Hi there,
In the latest documentation for Deploy a base ArcGIS Enterprise portal on AWS—ArcGIS Enterprise in the cloud | Documentation for Arc... it talks about using an Elastic IP which has issues when an EC2 instance is stopped/started and the elastic ip is dropped from the instance.
I thought the better way of doing this is to use an Elastic Network Interface (ENI) which remains attached to an instance and removes the issue from stopped/started of the instance.
Can anybody see any issues with this or have they done this themselves in AWS?

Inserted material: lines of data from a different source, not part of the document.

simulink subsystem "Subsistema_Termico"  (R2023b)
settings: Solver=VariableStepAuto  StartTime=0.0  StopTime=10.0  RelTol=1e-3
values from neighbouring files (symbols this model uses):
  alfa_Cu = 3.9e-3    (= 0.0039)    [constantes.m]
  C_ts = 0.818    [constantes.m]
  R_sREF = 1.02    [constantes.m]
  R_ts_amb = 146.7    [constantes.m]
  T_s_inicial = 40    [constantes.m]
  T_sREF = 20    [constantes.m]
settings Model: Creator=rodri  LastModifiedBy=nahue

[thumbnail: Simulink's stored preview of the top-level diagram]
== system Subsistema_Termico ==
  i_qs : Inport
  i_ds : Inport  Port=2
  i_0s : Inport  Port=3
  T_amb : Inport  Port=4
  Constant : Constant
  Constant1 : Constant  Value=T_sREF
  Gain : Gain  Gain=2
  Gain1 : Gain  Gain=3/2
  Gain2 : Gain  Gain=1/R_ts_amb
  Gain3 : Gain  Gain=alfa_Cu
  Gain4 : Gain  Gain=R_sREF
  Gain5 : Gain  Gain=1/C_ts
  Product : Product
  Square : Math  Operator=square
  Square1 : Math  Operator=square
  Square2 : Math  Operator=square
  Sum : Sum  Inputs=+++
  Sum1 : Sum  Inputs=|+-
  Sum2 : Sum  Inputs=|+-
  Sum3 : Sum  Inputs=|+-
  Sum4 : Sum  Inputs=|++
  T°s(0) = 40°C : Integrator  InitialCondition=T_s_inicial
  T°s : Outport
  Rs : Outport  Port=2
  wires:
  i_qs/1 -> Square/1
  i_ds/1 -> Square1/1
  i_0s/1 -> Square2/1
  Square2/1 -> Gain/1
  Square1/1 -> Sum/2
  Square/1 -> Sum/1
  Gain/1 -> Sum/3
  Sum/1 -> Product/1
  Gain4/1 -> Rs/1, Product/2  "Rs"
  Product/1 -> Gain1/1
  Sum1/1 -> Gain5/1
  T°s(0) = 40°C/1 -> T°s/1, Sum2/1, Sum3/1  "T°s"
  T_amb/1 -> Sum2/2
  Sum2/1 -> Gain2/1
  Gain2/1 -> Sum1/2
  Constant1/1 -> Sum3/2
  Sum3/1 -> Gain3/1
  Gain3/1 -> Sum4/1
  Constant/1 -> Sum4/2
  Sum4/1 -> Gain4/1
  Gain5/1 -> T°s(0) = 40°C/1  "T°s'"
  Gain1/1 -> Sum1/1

Thanks for your time with this.
I thought the point of getting an Elastic IP was that the IP address of your instance does not change upon starting/stopping the instance.
We use that configuration, and have gone through half a dozen maintenance cycles, starting and stopping our instances, and have never had an issue.
Can't speak to the ENI, though, sorry.
Indeed, an Elastic IP can be created in the AWS Console for EC2 and then the Elastic IP assigned to the EC2 Instance, then the EC2 Instance Public IP will be the Elastic IP and if you power off / on the EC2 Instance the Public IP will not change. I hope this clarifies.
Note, it is easier if you use the "AWS Cloud Formation Templates" or the "ArcGIS Enterprise Cloud Builder Tool" to Deploy ArcGIS Enterprise in AWS.
AWS CloudFormation and ArcGIS—ArcGIS Enterprise in the cloud | Documentation for ArcGIS Enterprise
ArcGIS Enterprise Cloud Builder for Amazon Web Services—ArcGIS Enterprise in the cloud | Documentati...
If you are trying to perform a manual deployment of each ArcGIS Enterprise component ( Portal / Server / Datastore / WebAdptors) then this can be very challenging if you are not an experience ArcGIS Enterprise Administrator.